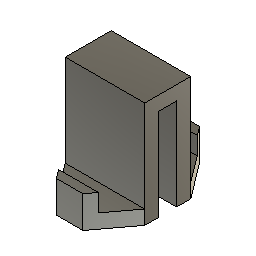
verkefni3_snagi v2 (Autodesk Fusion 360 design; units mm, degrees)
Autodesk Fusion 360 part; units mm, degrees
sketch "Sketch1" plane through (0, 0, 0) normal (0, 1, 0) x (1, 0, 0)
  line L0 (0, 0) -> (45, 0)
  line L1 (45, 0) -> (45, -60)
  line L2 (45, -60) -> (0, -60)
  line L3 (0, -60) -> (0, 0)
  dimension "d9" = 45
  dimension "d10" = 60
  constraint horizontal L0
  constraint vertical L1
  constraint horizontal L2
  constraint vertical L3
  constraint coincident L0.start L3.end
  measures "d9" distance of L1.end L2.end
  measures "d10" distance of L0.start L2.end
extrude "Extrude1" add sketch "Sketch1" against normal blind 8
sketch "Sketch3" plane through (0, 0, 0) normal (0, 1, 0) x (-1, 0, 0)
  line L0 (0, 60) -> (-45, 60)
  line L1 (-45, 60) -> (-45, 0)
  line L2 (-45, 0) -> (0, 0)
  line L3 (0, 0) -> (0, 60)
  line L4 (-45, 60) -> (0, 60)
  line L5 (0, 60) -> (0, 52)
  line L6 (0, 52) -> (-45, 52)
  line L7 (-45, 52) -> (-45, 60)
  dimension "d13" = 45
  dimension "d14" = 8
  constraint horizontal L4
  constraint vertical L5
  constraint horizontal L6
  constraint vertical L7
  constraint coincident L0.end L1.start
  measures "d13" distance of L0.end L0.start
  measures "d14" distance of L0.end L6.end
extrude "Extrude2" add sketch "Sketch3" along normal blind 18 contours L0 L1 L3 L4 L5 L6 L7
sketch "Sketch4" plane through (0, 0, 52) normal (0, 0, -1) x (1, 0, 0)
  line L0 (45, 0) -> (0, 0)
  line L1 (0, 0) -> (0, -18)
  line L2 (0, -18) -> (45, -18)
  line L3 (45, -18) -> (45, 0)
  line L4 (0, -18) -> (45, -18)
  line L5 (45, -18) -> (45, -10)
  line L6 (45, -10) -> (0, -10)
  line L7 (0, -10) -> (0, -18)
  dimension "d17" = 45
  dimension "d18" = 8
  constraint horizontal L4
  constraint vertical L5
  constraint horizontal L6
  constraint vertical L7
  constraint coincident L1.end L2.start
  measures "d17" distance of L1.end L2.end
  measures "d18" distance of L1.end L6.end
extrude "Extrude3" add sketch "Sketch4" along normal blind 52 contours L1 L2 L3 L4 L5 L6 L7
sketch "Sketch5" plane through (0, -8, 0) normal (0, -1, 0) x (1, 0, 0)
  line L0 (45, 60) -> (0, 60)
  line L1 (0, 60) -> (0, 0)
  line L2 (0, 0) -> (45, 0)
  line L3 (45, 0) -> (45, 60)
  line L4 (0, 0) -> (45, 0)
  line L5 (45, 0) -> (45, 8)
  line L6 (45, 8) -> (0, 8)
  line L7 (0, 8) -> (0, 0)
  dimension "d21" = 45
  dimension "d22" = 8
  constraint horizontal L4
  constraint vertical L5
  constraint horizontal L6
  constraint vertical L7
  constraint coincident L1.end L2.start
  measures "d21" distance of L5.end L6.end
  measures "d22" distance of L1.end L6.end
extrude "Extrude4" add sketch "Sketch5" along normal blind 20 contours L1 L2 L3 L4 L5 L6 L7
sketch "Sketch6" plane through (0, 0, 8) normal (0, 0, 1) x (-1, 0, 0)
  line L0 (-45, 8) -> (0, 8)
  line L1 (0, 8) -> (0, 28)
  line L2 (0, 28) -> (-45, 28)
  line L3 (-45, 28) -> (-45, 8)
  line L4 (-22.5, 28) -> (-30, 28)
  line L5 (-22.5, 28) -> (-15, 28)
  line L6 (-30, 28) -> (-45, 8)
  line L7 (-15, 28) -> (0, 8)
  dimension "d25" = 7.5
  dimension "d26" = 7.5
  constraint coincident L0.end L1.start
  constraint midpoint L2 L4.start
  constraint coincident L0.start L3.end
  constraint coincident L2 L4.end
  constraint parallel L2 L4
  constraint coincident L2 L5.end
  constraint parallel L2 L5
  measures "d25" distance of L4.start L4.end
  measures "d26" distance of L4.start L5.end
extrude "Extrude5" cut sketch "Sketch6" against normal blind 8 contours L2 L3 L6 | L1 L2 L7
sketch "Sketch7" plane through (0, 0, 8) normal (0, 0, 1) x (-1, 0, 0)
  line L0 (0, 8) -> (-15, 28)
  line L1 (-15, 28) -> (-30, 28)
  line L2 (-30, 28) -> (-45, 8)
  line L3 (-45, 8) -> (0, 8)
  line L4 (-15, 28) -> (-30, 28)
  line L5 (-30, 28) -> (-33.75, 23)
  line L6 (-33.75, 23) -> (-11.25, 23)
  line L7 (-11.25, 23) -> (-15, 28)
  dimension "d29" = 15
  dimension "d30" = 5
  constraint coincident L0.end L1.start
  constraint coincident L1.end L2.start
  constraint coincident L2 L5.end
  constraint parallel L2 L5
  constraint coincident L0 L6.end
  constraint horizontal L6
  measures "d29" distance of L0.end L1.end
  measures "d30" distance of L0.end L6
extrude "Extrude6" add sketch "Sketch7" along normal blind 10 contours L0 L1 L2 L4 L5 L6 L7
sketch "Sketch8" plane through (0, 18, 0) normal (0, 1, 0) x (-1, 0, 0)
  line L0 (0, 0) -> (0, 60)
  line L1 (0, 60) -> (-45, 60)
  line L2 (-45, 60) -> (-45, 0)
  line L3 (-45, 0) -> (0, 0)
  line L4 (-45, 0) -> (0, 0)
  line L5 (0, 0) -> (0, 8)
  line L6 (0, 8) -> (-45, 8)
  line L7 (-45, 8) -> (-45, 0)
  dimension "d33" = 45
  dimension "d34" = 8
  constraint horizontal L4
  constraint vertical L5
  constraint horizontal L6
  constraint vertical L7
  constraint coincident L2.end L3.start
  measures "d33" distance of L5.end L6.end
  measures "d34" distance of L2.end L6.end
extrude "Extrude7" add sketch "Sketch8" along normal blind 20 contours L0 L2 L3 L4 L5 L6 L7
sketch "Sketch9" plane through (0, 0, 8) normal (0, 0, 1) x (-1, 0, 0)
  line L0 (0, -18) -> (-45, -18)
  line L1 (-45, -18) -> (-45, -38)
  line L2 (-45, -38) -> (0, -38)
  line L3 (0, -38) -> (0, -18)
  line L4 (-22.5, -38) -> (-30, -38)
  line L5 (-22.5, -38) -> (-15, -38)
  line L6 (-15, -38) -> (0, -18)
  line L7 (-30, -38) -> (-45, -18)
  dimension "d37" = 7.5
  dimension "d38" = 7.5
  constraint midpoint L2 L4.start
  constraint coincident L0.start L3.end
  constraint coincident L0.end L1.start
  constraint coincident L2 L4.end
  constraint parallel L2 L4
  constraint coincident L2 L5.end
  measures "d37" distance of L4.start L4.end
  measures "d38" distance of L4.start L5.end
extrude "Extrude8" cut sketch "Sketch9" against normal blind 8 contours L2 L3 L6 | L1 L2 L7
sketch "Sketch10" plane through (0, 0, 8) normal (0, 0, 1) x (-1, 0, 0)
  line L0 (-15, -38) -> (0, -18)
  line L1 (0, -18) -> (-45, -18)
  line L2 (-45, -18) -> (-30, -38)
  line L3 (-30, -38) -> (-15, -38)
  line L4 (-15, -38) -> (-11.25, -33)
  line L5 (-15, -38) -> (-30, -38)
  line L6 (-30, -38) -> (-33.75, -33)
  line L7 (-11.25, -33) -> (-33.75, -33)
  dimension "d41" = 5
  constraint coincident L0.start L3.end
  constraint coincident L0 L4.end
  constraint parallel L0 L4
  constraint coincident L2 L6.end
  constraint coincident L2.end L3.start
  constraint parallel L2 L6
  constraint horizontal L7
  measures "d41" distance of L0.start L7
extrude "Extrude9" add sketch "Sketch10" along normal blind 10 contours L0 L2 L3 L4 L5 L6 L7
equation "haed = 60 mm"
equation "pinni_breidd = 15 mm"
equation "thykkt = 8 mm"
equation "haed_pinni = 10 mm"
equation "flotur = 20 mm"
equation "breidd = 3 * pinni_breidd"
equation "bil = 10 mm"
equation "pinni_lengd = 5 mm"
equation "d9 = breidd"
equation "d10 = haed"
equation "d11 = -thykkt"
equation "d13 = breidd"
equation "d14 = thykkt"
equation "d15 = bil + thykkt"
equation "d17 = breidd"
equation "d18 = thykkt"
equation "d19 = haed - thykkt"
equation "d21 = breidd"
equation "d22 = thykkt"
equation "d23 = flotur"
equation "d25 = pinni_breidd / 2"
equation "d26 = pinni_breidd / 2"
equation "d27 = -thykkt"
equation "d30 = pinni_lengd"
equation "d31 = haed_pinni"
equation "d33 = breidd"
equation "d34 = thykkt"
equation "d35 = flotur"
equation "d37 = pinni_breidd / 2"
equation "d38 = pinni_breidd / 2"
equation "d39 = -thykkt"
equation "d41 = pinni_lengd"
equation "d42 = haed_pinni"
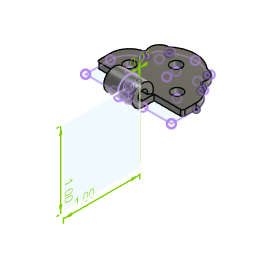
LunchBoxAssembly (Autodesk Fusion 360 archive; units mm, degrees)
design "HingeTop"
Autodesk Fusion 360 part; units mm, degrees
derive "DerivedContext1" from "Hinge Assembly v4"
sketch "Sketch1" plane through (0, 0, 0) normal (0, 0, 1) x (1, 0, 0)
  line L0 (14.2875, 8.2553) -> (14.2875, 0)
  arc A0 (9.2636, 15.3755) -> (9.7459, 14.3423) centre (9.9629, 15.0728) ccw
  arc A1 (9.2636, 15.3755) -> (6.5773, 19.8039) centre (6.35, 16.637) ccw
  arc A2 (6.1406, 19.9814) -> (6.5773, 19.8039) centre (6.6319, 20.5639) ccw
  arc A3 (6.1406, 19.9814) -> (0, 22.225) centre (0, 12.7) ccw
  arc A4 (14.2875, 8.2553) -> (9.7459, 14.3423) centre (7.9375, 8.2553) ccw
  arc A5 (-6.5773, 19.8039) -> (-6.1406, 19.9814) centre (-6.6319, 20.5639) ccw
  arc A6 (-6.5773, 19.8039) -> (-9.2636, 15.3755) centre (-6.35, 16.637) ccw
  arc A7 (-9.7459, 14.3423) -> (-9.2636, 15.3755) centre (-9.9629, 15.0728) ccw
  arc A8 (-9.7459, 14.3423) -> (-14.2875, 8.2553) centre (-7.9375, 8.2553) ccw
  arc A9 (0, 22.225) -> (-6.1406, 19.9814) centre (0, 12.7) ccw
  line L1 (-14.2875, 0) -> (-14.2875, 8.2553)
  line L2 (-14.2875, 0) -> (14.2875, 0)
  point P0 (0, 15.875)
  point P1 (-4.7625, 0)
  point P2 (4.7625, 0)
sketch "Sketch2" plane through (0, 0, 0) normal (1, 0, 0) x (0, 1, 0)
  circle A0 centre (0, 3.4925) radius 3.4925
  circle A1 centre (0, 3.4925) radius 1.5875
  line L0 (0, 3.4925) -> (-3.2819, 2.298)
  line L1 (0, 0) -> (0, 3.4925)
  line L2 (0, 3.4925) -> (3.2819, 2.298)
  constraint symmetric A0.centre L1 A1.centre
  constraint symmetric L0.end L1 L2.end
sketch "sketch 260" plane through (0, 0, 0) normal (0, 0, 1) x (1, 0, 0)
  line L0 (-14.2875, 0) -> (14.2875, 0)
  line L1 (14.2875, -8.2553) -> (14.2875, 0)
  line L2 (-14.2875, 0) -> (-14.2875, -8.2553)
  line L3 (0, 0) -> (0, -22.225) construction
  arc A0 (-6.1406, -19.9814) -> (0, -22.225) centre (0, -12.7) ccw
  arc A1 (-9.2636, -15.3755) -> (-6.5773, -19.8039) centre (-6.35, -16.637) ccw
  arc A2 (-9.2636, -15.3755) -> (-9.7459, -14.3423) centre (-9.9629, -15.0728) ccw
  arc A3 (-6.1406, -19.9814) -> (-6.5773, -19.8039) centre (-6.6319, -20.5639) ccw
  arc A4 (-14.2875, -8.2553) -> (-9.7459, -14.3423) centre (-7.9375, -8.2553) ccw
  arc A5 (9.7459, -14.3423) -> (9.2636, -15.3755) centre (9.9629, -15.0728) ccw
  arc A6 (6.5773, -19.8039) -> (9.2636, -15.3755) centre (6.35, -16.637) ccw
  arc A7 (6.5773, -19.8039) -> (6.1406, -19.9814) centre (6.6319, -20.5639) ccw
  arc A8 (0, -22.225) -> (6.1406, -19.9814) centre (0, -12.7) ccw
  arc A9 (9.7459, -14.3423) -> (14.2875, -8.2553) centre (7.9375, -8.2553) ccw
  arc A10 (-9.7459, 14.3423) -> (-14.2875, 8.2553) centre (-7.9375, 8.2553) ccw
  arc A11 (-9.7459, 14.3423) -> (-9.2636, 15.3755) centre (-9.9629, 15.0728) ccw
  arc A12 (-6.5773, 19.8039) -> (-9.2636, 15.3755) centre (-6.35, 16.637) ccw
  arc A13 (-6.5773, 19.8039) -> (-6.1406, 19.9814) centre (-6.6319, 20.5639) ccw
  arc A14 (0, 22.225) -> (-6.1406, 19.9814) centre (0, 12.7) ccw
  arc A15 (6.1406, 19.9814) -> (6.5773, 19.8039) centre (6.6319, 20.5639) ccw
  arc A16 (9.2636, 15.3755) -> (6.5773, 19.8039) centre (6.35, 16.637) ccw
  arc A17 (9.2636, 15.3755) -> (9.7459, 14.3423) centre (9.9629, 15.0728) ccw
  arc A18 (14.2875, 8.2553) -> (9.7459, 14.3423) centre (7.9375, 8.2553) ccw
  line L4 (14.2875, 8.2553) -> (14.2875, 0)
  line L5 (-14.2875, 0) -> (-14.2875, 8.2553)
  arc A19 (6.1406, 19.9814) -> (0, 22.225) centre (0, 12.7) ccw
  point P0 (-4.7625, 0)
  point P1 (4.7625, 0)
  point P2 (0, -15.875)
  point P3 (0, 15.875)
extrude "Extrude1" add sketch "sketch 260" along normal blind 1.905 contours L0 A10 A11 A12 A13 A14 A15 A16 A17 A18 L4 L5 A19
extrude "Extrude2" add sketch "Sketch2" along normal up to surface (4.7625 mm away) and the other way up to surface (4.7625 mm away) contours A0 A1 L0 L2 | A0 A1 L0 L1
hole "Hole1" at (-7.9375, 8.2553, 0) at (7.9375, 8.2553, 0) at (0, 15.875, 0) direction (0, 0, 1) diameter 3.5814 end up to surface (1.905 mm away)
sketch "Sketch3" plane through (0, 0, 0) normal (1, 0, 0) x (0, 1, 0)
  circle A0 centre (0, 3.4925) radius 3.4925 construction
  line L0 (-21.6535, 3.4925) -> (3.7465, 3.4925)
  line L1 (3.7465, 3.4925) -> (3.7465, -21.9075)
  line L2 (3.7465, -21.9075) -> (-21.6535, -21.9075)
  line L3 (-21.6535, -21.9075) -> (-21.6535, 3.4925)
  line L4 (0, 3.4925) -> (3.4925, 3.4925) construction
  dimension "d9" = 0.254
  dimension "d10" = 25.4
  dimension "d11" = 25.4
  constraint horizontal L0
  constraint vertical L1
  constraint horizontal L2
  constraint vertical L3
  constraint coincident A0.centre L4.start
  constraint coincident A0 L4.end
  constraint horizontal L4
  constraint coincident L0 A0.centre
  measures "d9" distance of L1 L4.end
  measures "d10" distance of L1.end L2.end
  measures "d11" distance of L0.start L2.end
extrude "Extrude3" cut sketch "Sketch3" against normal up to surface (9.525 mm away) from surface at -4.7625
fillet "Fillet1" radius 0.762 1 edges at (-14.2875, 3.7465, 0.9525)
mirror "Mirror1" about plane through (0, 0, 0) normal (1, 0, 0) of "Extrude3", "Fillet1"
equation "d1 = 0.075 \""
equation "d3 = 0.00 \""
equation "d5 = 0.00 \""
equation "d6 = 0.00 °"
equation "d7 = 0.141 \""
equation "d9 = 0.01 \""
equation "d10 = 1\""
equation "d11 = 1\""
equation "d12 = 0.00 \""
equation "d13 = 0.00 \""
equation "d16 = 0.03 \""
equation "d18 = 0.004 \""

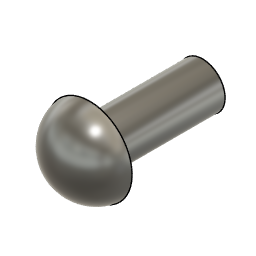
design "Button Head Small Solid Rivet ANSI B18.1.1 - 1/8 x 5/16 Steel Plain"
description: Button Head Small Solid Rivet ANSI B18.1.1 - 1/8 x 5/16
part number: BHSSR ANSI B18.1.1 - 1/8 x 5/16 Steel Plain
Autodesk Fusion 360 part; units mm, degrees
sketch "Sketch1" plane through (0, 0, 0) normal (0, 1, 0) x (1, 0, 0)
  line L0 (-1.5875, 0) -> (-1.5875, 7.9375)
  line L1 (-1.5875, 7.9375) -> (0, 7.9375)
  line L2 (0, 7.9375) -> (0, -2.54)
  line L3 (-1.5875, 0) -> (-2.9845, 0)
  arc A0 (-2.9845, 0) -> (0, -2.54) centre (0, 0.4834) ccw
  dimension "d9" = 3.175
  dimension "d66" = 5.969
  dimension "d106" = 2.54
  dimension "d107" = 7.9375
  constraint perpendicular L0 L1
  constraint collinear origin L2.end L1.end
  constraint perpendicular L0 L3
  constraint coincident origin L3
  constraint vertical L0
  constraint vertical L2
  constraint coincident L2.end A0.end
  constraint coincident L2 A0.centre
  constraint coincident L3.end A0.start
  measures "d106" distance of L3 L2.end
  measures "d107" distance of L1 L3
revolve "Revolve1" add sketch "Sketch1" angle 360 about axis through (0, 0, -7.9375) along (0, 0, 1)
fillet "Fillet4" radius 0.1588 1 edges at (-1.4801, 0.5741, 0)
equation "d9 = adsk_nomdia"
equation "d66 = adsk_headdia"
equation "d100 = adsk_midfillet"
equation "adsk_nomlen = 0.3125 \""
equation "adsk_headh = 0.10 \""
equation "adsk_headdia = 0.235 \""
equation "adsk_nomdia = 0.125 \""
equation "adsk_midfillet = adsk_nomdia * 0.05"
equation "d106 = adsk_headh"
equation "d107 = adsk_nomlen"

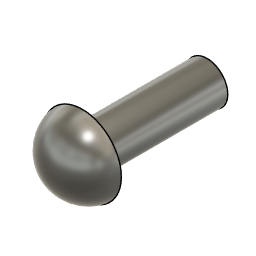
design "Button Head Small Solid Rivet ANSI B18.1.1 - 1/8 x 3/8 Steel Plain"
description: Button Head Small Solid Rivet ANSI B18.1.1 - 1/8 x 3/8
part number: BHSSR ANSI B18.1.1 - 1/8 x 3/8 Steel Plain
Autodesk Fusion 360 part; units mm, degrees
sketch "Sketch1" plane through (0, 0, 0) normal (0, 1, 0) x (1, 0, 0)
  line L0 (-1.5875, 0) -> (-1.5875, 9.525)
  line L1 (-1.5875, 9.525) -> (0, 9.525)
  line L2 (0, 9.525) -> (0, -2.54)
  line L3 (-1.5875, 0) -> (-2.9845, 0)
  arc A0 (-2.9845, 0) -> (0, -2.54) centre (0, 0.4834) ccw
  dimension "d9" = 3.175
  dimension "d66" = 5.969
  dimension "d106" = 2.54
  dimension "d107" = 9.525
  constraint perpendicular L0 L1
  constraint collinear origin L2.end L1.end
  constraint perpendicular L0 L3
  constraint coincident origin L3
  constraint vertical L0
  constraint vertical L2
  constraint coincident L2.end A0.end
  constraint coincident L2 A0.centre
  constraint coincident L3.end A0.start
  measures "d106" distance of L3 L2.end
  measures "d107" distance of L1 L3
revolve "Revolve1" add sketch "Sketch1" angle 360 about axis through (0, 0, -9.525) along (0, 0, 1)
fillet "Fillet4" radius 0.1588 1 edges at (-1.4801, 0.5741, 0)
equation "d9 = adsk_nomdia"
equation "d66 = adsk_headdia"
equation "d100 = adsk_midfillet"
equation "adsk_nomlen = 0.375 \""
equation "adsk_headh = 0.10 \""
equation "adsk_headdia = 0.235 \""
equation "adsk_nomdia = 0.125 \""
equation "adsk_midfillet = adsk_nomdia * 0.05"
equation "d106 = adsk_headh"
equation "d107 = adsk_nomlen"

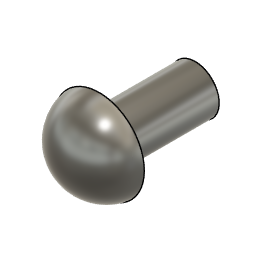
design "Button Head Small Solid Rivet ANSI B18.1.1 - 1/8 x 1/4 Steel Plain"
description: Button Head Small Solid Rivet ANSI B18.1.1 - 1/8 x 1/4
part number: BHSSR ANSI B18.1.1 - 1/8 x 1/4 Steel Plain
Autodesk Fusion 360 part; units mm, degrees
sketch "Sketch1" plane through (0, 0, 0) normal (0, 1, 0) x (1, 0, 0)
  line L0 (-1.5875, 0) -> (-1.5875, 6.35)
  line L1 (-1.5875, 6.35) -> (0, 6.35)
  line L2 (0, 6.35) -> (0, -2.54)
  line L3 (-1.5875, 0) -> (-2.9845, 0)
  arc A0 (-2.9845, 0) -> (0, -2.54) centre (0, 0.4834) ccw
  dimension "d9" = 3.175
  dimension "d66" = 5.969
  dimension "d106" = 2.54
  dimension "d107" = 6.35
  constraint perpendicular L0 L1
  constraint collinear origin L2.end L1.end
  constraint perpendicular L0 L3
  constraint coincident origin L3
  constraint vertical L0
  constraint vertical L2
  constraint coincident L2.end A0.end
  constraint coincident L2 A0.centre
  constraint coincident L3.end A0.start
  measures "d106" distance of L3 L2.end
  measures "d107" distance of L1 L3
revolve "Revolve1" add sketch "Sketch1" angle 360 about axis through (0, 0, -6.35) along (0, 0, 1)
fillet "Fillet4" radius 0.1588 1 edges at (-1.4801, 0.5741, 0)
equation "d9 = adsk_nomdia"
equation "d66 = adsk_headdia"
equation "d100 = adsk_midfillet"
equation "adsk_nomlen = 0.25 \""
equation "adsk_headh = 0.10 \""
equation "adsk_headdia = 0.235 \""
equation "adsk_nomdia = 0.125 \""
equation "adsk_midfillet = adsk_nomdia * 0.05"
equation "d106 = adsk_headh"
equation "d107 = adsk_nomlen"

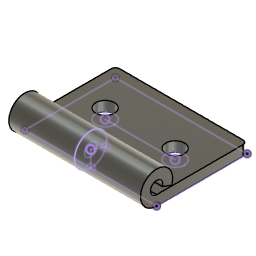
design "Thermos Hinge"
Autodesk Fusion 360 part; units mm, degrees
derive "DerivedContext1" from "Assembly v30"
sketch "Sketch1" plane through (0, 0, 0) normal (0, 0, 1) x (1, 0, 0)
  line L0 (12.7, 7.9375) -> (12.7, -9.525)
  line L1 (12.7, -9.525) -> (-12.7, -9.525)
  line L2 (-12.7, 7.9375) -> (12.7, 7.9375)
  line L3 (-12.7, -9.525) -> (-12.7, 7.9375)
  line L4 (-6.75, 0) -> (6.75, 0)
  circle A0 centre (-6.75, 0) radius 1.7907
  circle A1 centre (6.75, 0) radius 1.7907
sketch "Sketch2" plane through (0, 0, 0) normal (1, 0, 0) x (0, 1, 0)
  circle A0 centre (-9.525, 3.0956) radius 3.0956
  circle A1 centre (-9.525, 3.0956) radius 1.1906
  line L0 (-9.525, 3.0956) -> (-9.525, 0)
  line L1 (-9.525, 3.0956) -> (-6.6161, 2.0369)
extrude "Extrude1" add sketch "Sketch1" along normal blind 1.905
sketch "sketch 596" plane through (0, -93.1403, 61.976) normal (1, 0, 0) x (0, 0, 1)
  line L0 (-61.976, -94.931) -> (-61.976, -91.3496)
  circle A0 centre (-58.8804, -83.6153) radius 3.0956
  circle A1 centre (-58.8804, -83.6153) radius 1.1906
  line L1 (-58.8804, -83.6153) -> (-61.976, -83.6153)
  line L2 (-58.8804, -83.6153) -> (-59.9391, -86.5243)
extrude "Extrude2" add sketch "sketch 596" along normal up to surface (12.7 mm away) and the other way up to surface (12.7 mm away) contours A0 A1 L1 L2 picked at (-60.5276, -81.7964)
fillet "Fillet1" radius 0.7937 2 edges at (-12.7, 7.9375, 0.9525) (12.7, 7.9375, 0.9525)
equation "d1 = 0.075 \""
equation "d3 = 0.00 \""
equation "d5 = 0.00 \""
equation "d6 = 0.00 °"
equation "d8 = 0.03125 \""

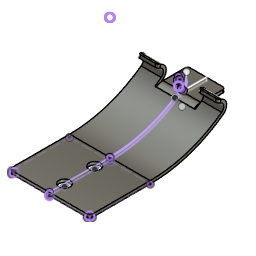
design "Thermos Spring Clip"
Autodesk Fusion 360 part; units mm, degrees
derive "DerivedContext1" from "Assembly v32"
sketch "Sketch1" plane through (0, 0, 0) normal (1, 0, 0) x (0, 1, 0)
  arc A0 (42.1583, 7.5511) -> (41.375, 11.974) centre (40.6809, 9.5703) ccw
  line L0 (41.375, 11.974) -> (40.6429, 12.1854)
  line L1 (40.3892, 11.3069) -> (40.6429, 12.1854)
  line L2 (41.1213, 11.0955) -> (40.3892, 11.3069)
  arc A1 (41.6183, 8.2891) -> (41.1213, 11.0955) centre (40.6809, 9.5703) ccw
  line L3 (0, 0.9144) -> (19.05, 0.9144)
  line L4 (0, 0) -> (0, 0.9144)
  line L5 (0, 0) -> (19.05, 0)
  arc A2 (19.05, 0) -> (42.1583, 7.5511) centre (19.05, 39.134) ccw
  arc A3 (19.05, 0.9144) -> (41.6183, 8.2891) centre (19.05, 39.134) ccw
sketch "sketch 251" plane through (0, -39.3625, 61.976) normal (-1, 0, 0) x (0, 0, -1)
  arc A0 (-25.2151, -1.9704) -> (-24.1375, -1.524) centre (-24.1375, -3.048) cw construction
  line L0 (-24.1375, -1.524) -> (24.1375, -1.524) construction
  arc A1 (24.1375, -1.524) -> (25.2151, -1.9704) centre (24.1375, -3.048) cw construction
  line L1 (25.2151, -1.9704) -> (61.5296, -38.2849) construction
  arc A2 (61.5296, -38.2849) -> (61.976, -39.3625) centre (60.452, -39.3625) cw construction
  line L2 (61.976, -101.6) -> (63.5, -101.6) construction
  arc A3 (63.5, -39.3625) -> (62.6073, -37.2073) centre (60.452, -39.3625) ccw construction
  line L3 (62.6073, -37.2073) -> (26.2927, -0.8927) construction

○ ○ ○ ○

What to do —
Your output should be the lines above from the one that contains "(12.7, 7.9375, 0.9525)" through the one that contains "0) x (0, 0, -1)", word for word, with pictures left out.

The answer —
fillet "Fillet1" radius 0.7937 2 edges at (-12.7, 7.9375, 0.9525) (12.7, 7.9375, 0.9525)
equation "d1 = 0.075 \""
equation "d3 = 0.00 \""
equation "d5 = 0.00 \""
equation "d6 = 0.00 °"
equation "d8 = 0.03125 \""

design "Thermos Spring Clip"
Autodesk Fusion 360 part; units mm, degrees
derive "DerivedContext1" from "Assembly v32"
sketch "Sketch1" plane through (0, 0, 0) normal (1, 0, 0) x (0, 1, 0)
  arc A0 (42.1583, 7.5511) -> (41.375, 11.974) centre (40.6809, 9.5703) ccw
  line L0 (41.375, 11.974) -> (40.6429, 12.1854)
  line L1 (40.3892, 11.3069) -> (40.6429, 12.1854)
  line L2 (41.1213, 11.0955) -> (40.3892, 11.3069)
  arc A1 (41.6183, 8.2891) -> (41.1213, 11.0955) centre (40.6809, 9.5703) ccw
  line L3 (0, 0.9144) -> (19.05, 0.9144)
  line L4 (0, 0) -> (0, 0.9144)
  line L5 (0, 0) -> (19.05, 0)
  arc A2 (19.05, 0) -> (42.1583, 7.5511) centre (19.05, 39.134) ccw
  arc A3 (19.05, 0.9144) -> (41.6183, 8.2891) centre (19.05, 39.134) ccw
sketch "sketch 251" plane through (0, -39.3625, 61.976) normal (-1, 0, 0) x (0, 0, -1)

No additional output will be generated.